# craigslist leclerc loom $300



## cathleenc (Aug 16, 2007)

http://madison.craigslist.org/art/719627614.html

just let me know when you've had enough of my postings from craigslist


----------



## Marchwind (May 10, 2002)

I think I need a lesson on how to use Craig's List. Every time I look I never find anything but then I'm never sure if I'm searching correctly.

Cathy keep posting you find great treasures. Maybe you want to check out the Minneapolis/St. Paul Craig's List for me?


----------



## Meg Z (Jun 8, 2004)

cathleenc said:


> http://madison.craigslist.org/art/719627614.html
> 
> just let me know when you've had enough of my postings from craigslist


Shoot, you've made me go check Craig's list for my area. I hadn't even thought of looking for such things here! But there are several big floors looms, and a couple spinning wheels available. Sooner or later there will be exactly what I want. (And I'll know what that is when I see it!  )

Thanks,
Meg


----------



## cathleenc (Aug 16, 2007)

Marchwind said:


> I think I need a lesson on how to use Craig's List. Every time I look I never find anything but then I'm never sure if I'm searching correctly.
> 
> Cathy keep posting you find great treasures. Maybe you want to check out the Minneapolis/St. Paul Craig's List for me?


Marchie, the trick, imo, is to look all the time. I've been trying to furnish our house and barn since we left most things in california.... hence I'm on craigslist about 6x a day. Too much. 
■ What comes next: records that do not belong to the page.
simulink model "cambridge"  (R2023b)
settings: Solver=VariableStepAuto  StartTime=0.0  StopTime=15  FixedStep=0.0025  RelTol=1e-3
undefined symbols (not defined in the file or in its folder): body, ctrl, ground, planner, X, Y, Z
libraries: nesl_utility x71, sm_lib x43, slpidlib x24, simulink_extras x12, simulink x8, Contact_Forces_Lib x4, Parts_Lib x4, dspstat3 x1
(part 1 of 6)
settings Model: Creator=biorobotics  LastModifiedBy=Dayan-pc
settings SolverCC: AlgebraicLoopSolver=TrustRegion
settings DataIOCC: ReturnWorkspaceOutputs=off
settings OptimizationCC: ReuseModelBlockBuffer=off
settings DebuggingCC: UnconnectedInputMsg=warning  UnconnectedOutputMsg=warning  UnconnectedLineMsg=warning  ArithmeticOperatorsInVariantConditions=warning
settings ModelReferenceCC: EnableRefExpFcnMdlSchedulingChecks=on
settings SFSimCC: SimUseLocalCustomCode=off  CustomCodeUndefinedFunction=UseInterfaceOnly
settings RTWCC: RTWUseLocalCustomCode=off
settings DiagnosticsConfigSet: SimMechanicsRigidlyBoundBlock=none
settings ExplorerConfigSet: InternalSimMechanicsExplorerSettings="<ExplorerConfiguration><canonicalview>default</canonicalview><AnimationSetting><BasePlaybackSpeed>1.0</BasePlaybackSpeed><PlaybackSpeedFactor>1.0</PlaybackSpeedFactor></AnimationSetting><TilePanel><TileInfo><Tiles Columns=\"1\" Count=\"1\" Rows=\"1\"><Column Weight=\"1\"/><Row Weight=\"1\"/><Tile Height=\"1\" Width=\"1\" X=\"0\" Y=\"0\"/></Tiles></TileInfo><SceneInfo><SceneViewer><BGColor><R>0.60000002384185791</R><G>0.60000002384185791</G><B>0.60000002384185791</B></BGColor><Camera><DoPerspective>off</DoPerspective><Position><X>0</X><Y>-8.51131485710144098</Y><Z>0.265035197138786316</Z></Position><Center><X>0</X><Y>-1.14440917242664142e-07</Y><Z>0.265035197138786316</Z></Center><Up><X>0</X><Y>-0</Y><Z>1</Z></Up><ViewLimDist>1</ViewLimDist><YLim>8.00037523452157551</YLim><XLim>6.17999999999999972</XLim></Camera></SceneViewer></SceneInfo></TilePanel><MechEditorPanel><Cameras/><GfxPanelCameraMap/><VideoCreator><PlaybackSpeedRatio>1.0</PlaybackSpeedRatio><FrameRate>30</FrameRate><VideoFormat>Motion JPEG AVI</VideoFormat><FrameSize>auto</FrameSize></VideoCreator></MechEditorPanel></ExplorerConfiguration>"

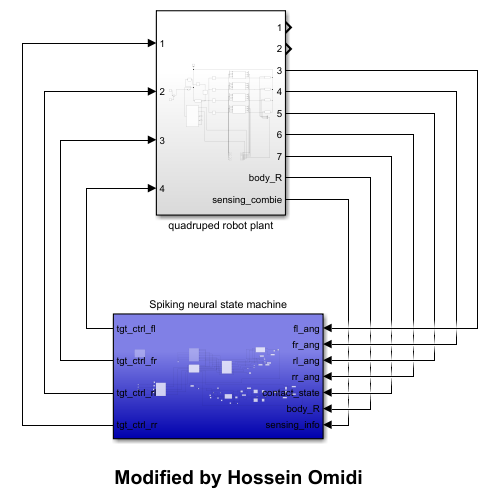
[thumbnail: Simulink's stored preview of the top-level diagram]
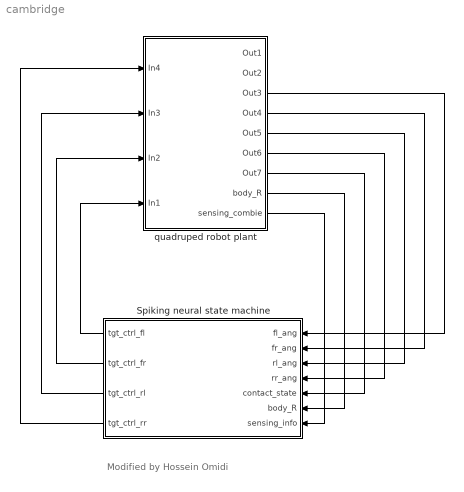
== system cambridge ==
  note: Modified by Hossein Omidi
  Spiking neural state machine : Subsystem
  quadruped robot plant : Subsystem
  wires:
  Spiking neural state machine/1(tgt_ctrl_fl) -> quadruped robot plant/4(In1)
  Spiking neural state machine/2(tgt_ctrl_fr) -> quadruped robot plant/3(In2)
  Spiking neural state machine/3(tgt_ctrl_rl) -> quadruped robot plant/2(In3)
  Spiking neural state machine/4(tgt_ctrl_rr) -> quadruped robot plant/1(In4)
  quadruped robot plant/3(Out3) -> Spiking neural state machine/1(fl_ang)
  quadruped robot plant/4(Out4) -> Spiking neural state machine/2(fr_ang)
  quadruped robot plant/5(Out5) -> Spiking neural state machine/3(rl_ang)
  quadruped robot plant/6(Out6) -> Spiking neural state machine/4(rr_ang)
  quadruped robot plant/7(Out7) -> Spiking neural state machine/5(contact_state)
  quadruped robot plant/8(body_R) -> Spiking neural state machine/6(body_R)
  quadruped robot plant/9(sensing_combie) -> Spiking neural state machine/7(sensing_info)

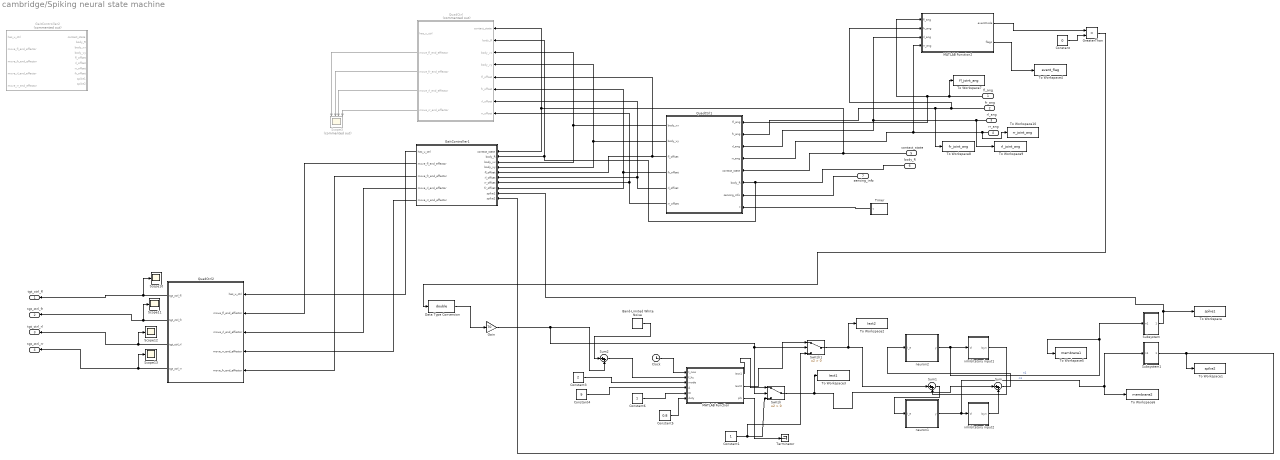
== system cambridge/Spiking neural state machine ==
  fl_ang : Inport
  fr_ang : Inport  Port=2
  rl_ang : Inport  Port=3
  rr_ang : Inport  Port=4
  contact_state : Inport  Port=5
  body_R : Inport  Port=6
  sensing_info : Inport  Port=7
  Band-Limited White Noise : simulink/Sources/Band-Limited White Noise  Cov=[0.1]  Ts=0.1  seed=[23341]
  Clock : Clock
  Constant : Constant  Value=0
  Constant1 : Constant
  Constant3 : Constant  Value=2
  Constant4 : Constant  Value=9
  Constant5 : Constant  Value=0.8
  Constant6 : Constant
  Data Type Conversion : DataTypeConversion  OutDataTypeStr=double  SaturateOnIntegerOverflow=off  RndMeth=Floor
  Gain : Gain  Gain=70
  GaitController1 : Stateflow chart  InitFcn=|  TreatAsAtomicUnit=on
      | % tick timers
      | timer  = uint16(0);
      | timer2 = uint16(0);
      | 
      | % shoulder offsets (body frame)
      | fl_offset = [ body.shoulder_distance;  body.y_length/2 + body.shoulder_size/2; 0 ];
      | fr_offset = [ body.shoulder_distance; -body.y_length/2 - body.shoulder_size/2; 0 ];
      | rl_offset = [-body.shoulder_distance;  body.y_length/2 + body.shoulder_size/2; 0 ];
      | rr_offset = [-body.shoulder_distance; -body.y_length/2 - body.shoulder_size/2; 0 ];
      | 
      | % nominal virtual legs (body frame)
      | vleg1_n = [0;0;planner.stand_height];
      | vleg2_n = [0;0;planner.stand_height];
      | 
      | % swing timing in ticks
      | t_leg    = uint16(planner.leg_swing_time);
      | half_leg = uint16(floor(double(t_leg)/2));
      | 
      | % safe IK inputs on first tick
      | mv_fl = vleg1_n; mv_rr = vleg1_n;
      | mv_fr = vleg2_n; mv_rl = vleg2_n;
      | has_u_ctrl = [1;1;1;1];
  GaitController2 : Stateflow chart  Commented=on  InitFcn=|  TreatAsAtomicUnit=on
      | % tick timers
      | timer  = uint16(0);
      | timer2 = uint16(0);
      | 
      | % shoulder offsets (body frame)
      | fl_offset = [ body.shoulder_distance;  body.y_length/2 + body.shoulder_size/2; 0 ];
      | fr_offset = [ body.shoulder_distance; -body.y_length/2 - body.shoulder_size/2; 0 ];
      | rl_offset = [-body.shoulder_distance;  body.y_length/2 + body.shoulder_size/2; 0 ];
      | rr_offset = [-body.shoulder_distance; -body.y_length/2 - body.shoulder_size/2; 0 ];
      | 
      | % nominal virtual legs (body frame)
      | vleg1_n = [0;0;planner.stand_height];
      | vleg2_n = [0;0;planner.stand_height];
      | 
      | % swing timing in ticks
      | t_leg    = uint16(planner.leg_swing_time);
      | half_leg = uint16(floor(double(t_leg)/2));
      | 
      | % safe IK inputs on first tick
      | mv_fl = vleg1_n; mv_rr = vleg1_n;
      | mv_fr = vleg2_n; mv_rl = vleg2_n;
      | has_u_ctrl = [1;1;1;1];
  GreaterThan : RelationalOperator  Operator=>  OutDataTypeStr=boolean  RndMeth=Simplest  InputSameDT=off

Use search words instead of looking in categories - I'd search for fiber - or loom - or weaving - or spinning - individual seaches. And call or email that very moment you see something!

I'm hoping to wean myself off craigslist very soon as the house is getting filled and budget is just about emptied. lol.


----------



## Liese (Dec 12, 2005)

Susan, I just found a site called Craig's helper. So I went there set the region for midwest, the state MN and 2 cities using the left to right arrows, set the sales/ wanted category and arts/crafts as the sub cat. and then the key words "weaving loom" and the StPaul/Minneaoplis list came up with more than 6 entries. Try that out and see if that doesn't help.


----------



## Marchwind (May 10, 2002)

Liese you tell me this and don't leave me with a link  I'll go and see what I can find now.

Thanks for the tips.


----------



## Liese (Dec 12, 2005)

see I get back into HT, to the fiber forum, start the note and then realize I didn't copy the link -if I go back out, I start all over. Lazy me!


----------



## Marchwind (May 10, 2002)

Where did you find the site you are talking about? I went to Craig's list last night and went to their help link but nothing there like you mentioned. I did a few searches and found one table loom but nothing else. I looked in both the Minneapolis and Duluth sites on Craig's list. I find Craig's list to be very frustrating.


----------



## FalconDance (Feb 4, 2007)

craigslist is great, especially if you're able to check it often. BUT there are a lot of people there who don't have a clue how to post a listing, what the worth of the item truly is or even how to spell.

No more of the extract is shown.